Your own script may not look exactly like this and you may employ different flags, here are some common examples:

  • --input_file or -i Allows you to specify the location of the input file.
  • --output_file or -o Allows you to specify the name of the output file.
  • --force_overwrite Allows VEP to overwrite a pre-existing output file with the same name.
  • --genomes Points VEP to the Ensembl Genomes (non-vertebrates) server. (not used for this homo sapiens example)
  • --cache Enables the use of the cache (this can speed up VEP significantly).
  • --cache_verson Allows you to specify the cache version. This should be used with Ensembl Genomes caches, since their version numbers do not match Ensembl versions. For example, the VEP/Ensembl version may be 110 and the Ensembl Genomes version 57.
  • --check_existing Checks for the existence of known variants that are co-located with your input variants.
  • --offline Enables offline mode (no database connections are made).

Exercise 3

You may use a similar less command or method to open the annotated VCF file:

less -S VEP_annot_chr13_GBR.vcf

There are two genes listed in the annotations, ZAR1L ENSG00000189167 and BRCA2 ENSG00000139618. There are multiple rows for each variant representing the variant consequence in different transcripts.

Exercise 4

Rerun VEP with the following command:

vep -i 13.32315086-32400268.ALL.chr13_GRCh38.genotypes.20170504.GBR.vcf -o VEP_annot_chr13_GBR_MANE_Can.txt --canonical --mane --cache --symbol --cache --offline

Exercise 5

Rerun VEP with the following command:

vep -i 13.32315086-32400268.ALL.chr13_GRCh38.genotypes.20170504.GBR.vcf -o VEP_annot_chr13_GBR_MANE_Can_gnomadAF.txt --canonical --mane --cache --symbol --af_gnomadg --offline

Exercise 6

Filter for BRCA2 and MANE with the following command:

filter_vep -i VEP_annot_chr13_GBR_MANE_Can_gnomadAF.txt -o VEP_annot_FILT.txt \--filter \"((SYMBOL is BRCA2) and (MANE_SELECT exists) and (gnomADg_AF <= 0.01))"

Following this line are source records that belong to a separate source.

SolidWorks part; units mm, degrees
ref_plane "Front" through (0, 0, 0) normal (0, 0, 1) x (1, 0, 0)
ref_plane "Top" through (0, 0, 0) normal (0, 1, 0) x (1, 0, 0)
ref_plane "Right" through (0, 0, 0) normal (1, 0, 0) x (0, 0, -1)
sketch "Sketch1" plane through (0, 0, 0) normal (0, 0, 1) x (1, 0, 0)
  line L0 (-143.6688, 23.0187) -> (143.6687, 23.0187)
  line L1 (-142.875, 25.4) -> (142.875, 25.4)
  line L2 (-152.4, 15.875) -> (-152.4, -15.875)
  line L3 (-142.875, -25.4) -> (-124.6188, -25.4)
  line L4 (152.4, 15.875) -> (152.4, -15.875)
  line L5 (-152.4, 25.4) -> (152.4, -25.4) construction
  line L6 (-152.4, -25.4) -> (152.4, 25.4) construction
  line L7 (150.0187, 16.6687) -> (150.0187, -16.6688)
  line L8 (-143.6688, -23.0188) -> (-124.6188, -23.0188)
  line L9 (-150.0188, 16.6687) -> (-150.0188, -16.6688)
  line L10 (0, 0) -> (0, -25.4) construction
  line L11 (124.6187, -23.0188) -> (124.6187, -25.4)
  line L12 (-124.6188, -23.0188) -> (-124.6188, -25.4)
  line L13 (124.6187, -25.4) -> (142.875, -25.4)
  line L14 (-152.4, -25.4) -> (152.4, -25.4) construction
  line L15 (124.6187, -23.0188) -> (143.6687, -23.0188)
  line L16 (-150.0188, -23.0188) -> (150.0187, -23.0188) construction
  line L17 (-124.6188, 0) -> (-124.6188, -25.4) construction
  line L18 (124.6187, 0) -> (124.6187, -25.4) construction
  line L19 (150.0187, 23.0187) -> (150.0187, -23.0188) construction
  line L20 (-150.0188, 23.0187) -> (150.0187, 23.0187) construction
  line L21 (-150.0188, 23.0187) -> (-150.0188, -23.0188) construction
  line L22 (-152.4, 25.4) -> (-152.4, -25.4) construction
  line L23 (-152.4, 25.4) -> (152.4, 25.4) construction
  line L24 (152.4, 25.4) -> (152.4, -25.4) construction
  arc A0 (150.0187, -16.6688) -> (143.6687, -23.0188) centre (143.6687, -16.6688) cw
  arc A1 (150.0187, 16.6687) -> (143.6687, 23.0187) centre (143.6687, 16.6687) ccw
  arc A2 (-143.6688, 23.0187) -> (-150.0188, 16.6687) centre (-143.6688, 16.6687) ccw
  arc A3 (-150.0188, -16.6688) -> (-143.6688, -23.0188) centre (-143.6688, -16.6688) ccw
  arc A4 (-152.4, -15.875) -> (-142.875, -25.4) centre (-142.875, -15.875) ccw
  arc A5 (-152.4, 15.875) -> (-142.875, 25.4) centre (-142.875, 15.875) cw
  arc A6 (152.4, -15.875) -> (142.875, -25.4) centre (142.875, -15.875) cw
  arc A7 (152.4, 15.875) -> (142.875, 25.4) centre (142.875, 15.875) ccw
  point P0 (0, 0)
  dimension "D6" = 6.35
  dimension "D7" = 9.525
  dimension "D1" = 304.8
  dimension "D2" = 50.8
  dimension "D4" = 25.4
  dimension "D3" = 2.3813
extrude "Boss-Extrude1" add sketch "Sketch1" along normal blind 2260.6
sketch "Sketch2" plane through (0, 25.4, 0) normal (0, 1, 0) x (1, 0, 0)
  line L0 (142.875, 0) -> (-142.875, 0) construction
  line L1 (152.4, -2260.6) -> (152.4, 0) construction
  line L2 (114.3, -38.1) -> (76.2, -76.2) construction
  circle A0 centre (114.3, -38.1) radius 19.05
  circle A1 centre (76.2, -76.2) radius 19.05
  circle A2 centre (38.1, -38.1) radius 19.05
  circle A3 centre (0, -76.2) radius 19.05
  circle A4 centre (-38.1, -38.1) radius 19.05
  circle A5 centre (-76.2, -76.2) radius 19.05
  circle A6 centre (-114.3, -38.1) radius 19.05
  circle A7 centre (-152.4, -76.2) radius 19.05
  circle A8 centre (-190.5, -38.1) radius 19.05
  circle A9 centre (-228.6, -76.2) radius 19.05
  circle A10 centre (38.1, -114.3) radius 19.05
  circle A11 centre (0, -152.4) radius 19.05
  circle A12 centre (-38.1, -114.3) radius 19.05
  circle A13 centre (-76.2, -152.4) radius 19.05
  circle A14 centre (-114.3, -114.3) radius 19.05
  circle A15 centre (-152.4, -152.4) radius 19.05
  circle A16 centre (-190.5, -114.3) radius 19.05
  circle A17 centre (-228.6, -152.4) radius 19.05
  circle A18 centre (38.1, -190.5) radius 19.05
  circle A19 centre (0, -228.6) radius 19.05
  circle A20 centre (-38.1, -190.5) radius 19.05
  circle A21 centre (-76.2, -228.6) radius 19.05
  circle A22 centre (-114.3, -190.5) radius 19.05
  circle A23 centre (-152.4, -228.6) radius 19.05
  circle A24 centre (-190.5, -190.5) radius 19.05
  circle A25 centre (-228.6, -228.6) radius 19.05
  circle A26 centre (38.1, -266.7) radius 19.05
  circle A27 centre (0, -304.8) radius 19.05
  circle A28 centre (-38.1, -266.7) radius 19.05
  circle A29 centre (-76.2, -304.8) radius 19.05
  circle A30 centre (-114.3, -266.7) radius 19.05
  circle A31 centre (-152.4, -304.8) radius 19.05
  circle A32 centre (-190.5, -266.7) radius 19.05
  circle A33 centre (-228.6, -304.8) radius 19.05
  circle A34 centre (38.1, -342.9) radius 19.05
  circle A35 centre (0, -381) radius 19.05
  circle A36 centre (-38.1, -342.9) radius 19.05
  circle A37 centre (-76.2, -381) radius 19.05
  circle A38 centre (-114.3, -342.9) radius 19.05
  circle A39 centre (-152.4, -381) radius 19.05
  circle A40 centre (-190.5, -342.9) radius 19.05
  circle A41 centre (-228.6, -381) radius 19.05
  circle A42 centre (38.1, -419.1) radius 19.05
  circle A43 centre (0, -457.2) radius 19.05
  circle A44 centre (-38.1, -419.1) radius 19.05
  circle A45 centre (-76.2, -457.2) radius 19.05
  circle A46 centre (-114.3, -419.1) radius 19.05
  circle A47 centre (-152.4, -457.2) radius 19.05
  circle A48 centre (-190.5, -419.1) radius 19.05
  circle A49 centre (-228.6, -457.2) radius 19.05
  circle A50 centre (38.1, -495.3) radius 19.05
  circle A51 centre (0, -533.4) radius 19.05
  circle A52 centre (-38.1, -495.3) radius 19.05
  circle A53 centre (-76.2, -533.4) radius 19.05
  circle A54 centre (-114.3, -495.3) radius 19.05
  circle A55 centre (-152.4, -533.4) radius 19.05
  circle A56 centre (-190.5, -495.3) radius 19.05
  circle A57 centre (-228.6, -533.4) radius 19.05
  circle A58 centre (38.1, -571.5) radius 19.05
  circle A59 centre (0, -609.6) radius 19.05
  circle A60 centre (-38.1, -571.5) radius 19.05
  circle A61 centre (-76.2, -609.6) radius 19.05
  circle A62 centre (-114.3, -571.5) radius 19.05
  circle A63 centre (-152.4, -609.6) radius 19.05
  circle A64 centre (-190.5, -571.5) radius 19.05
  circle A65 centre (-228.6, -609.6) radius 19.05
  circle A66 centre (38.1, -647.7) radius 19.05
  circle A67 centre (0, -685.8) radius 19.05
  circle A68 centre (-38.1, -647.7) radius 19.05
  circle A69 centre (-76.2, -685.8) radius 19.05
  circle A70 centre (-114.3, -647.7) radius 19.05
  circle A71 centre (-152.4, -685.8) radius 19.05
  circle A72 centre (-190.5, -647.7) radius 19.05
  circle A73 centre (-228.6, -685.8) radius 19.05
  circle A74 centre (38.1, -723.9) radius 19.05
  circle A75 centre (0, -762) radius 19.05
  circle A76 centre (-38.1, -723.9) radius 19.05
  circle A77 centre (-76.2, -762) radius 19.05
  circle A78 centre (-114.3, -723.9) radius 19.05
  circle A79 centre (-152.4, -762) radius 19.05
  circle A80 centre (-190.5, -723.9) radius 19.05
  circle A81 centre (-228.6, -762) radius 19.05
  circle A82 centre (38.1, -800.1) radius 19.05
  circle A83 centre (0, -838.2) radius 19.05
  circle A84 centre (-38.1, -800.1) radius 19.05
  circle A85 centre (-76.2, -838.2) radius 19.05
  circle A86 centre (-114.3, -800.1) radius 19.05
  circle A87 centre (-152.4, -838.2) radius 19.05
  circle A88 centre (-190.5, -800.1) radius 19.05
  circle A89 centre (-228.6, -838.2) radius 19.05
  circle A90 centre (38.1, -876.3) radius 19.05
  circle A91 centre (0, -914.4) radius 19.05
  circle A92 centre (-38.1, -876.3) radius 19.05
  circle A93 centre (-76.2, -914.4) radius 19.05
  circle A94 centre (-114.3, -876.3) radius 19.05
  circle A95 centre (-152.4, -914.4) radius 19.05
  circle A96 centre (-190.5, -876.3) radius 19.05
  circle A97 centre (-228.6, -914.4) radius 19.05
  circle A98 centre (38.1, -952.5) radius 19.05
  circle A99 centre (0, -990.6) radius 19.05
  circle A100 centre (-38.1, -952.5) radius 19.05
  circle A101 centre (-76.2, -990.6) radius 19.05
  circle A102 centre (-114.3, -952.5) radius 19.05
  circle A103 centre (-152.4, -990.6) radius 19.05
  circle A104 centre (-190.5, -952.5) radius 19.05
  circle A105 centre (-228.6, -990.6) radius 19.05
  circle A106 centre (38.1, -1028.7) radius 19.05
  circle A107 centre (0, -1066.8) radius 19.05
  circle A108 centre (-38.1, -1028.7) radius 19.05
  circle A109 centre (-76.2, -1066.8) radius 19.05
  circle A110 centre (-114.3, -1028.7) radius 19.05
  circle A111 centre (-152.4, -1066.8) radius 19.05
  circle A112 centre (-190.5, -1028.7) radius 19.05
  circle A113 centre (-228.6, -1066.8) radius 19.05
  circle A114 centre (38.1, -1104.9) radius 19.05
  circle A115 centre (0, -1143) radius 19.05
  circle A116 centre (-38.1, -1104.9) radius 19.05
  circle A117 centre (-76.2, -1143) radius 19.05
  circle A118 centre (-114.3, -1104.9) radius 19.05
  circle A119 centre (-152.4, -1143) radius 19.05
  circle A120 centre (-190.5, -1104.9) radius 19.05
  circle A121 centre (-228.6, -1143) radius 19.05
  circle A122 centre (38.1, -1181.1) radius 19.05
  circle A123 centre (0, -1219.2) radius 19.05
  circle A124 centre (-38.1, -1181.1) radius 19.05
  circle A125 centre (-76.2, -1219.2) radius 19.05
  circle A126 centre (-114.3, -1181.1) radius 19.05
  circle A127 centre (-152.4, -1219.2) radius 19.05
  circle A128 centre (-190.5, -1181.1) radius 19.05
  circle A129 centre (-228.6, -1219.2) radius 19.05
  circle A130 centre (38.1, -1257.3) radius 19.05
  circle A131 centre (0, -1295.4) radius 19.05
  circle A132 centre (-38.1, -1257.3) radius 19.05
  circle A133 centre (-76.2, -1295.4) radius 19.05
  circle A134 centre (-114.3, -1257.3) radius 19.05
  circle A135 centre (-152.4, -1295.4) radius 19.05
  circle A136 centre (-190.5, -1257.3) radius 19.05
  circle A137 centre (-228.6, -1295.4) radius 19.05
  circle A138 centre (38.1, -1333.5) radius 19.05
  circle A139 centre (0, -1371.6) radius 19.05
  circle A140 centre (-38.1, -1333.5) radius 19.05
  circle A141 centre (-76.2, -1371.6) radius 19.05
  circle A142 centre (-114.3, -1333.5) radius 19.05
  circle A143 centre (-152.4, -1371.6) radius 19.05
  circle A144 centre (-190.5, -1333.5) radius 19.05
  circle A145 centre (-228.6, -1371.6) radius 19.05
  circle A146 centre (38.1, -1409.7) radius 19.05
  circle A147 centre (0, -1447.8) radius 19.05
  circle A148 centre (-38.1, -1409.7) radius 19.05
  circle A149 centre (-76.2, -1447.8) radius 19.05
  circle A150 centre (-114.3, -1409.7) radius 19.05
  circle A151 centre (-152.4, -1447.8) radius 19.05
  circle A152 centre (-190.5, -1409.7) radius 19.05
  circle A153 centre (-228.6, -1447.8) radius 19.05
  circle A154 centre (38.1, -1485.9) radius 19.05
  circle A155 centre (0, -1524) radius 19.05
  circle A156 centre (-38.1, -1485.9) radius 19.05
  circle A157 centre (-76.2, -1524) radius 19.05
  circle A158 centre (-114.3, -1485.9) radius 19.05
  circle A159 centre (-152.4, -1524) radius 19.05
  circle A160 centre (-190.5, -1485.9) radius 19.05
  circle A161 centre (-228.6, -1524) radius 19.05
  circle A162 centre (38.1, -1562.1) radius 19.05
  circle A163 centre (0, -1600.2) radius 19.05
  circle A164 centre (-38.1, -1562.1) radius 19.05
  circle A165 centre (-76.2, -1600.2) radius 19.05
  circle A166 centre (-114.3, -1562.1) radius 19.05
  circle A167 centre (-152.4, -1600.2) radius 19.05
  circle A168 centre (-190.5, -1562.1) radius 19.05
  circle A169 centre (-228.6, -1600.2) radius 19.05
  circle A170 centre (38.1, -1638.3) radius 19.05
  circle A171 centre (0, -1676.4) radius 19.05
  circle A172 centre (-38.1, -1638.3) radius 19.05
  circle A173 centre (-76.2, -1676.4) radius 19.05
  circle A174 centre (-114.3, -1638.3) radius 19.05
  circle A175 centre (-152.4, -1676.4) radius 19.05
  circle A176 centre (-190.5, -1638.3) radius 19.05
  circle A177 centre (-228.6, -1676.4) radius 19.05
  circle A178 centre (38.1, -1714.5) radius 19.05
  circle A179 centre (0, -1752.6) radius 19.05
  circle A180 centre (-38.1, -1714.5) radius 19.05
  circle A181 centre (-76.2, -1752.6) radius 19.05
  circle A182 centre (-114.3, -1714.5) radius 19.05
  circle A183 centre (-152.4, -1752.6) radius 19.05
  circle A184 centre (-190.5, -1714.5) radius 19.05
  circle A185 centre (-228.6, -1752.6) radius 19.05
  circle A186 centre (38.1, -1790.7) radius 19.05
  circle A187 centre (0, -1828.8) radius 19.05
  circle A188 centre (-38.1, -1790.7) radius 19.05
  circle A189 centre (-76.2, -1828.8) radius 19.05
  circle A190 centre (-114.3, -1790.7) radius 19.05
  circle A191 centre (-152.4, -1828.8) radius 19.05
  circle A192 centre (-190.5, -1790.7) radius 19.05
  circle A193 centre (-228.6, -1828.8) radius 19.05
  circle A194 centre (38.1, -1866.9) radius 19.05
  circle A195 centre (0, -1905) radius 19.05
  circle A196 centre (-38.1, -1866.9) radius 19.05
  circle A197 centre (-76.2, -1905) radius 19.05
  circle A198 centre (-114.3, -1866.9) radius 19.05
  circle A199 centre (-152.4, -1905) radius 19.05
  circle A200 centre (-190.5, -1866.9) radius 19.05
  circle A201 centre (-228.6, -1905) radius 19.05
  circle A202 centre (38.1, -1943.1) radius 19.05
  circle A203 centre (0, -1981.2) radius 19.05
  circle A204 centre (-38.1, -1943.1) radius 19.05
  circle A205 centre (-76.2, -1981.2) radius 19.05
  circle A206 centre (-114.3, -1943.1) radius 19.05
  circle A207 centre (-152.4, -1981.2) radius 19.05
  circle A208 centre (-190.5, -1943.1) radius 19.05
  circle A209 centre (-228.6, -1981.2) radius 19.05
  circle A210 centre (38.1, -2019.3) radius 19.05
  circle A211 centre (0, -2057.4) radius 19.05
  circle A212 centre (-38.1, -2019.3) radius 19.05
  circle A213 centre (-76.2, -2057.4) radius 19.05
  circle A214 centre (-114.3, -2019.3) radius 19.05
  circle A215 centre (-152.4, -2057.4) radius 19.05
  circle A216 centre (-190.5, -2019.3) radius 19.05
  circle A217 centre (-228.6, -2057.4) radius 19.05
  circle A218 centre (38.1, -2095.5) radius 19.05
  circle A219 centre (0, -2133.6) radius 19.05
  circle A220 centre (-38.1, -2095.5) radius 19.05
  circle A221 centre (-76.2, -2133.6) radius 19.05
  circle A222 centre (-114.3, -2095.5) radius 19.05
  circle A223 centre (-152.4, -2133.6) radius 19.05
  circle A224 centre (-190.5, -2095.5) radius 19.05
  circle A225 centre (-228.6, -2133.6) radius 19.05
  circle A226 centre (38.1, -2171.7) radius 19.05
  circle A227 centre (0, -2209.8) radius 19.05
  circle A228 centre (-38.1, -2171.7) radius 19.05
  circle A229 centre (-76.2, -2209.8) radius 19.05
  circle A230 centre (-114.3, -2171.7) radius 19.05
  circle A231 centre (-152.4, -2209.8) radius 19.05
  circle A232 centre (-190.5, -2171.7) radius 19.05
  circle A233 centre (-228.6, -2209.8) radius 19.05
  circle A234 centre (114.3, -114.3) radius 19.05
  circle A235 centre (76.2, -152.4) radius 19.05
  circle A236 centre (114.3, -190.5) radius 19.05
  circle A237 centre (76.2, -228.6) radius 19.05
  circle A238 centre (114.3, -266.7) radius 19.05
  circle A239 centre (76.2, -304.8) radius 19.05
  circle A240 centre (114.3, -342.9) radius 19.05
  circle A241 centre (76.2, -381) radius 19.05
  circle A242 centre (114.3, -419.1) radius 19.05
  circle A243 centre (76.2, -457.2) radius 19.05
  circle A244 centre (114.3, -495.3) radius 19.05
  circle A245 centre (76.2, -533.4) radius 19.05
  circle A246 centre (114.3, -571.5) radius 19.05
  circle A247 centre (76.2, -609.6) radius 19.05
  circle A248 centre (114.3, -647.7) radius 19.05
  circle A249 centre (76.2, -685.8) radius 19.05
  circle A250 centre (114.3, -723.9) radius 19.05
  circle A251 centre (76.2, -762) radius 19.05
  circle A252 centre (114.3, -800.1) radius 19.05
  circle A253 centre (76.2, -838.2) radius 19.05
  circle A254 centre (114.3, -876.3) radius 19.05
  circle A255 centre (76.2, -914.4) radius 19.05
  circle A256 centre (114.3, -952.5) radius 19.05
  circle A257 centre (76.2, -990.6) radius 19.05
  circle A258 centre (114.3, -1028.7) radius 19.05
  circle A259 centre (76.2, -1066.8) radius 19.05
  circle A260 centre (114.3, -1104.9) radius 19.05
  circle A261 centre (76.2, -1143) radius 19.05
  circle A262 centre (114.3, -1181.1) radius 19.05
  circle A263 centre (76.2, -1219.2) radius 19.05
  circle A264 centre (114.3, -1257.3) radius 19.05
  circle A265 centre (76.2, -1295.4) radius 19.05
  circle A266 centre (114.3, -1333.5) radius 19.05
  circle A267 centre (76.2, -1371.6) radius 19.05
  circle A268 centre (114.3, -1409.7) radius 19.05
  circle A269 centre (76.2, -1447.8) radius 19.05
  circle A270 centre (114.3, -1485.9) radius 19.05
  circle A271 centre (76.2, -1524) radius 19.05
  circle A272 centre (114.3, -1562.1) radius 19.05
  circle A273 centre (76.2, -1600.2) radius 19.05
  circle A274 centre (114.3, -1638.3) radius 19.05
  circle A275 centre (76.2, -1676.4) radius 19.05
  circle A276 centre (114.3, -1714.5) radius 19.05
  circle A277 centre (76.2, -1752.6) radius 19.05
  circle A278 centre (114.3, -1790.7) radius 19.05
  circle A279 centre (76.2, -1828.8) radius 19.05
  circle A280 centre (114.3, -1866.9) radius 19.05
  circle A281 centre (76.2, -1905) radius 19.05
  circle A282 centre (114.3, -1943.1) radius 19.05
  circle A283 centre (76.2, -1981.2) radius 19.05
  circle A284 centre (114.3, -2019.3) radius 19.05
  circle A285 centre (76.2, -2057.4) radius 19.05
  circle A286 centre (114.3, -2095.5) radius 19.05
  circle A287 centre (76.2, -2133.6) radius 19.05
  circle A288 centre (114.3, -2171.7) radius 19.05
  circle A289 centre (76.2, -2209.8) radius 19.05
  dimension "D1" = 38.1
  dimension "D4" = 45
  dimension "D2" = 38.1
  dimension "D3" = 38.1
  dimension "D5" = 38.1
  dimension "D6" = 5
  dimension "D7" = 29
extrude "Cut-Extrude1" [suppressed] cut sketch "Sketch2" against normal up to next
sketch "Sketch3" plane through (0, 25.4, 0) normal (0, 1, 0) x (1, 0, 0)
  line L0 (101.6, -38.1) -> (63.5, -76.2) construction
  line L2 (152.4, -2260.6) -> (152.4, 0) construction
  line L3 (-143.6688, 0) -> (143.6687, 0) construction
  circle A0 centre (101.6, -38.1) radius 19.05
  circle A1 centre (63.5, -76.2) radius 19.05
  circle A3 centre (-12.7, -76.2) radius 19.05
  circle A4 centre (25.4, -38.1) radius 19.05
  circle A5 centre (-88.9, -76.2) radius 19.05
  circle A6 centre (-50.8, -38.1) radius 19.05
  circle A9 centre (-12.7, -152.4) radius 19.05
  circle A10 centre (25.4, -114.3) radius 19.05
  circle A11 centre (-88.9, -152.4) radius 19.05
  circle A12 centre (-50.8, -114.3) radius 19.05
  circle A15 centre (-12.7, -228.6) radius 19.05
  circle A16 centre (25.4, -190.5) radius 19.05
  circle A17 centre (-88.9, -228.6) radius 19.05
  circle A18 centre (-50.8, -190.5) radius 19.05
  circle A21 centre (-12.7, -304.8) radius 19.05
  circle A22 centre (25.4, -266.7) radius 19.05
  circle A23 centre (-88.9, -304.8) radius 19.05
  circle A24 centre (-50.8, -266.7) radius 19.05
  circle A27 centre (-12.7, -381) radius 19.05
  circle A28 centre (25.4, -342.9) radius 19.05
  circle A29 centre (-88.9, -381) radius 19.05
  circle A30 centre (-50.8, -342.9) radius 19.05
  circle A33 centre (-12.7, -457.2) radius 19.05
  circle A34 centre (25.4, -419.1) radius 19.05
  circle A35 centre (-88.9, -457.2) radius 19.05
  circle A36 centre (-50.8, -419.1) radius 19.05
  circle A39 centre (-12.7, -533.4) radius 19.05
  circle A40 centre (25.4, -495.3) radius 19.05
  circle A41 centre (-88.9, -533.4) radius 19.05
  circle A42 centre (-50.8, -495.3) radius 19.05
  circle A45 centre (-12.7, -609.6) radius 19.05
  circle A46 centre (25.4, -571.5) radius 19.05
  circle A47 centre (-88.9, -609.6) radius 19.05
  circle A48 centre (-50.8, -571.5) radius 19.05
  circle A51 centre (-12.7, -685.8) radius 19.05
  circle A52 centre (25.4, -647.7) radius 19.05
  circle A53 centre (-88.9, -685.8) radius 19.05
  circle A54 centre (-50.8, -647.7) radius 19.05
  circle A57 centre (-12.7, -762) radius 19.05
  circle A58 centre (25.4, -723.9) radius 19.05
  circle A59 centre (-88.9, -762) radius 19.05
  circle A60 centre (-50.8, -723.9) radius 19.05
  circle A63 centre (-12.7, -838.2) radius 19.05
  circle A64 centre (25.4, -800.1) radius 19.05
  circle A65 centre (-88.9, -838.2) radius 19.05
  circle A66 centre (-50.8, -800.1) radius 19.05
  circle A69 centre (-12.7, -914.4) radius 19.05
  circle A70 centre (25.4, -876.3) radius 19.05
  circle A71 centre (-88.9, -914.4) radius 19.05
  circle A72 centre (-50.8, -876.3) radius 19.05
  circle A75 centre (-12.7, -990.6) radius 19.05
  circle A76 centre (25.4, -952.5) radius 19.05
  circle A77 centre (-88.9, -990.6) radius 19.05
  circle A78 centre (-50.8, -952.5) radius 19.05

By adding transcript set, gene symbol and allele frequency information, then using filters based on these, we can reduce the annotated variant set down from 1770 to 78.

To filter to include only the missense results you could add and (Consequence is missense_variant) to the command above.

There is a missense variant - rs80358762 - you can explore phenotype information related to that variant here. Note that although it’s a rare missense variant in BRCA2, the evidence from multiple ClinVar submitters indicate that it is benign.

Bonus!

This variant is novel and does not have an accessioned ID and is not present in the allele frequency resources. Consider just the missense variant in NUDT15, you can see that prediction tools we enabled(alphamissense, revel and CADD) are all relatively low scores, below those that would normally be thought of as pathogenic. However, some ofthe IntAct and MaveDB scores - which are based on experimental data - indicate that the protein structure is significantly impacted, suggesting this variant may merit further investigation.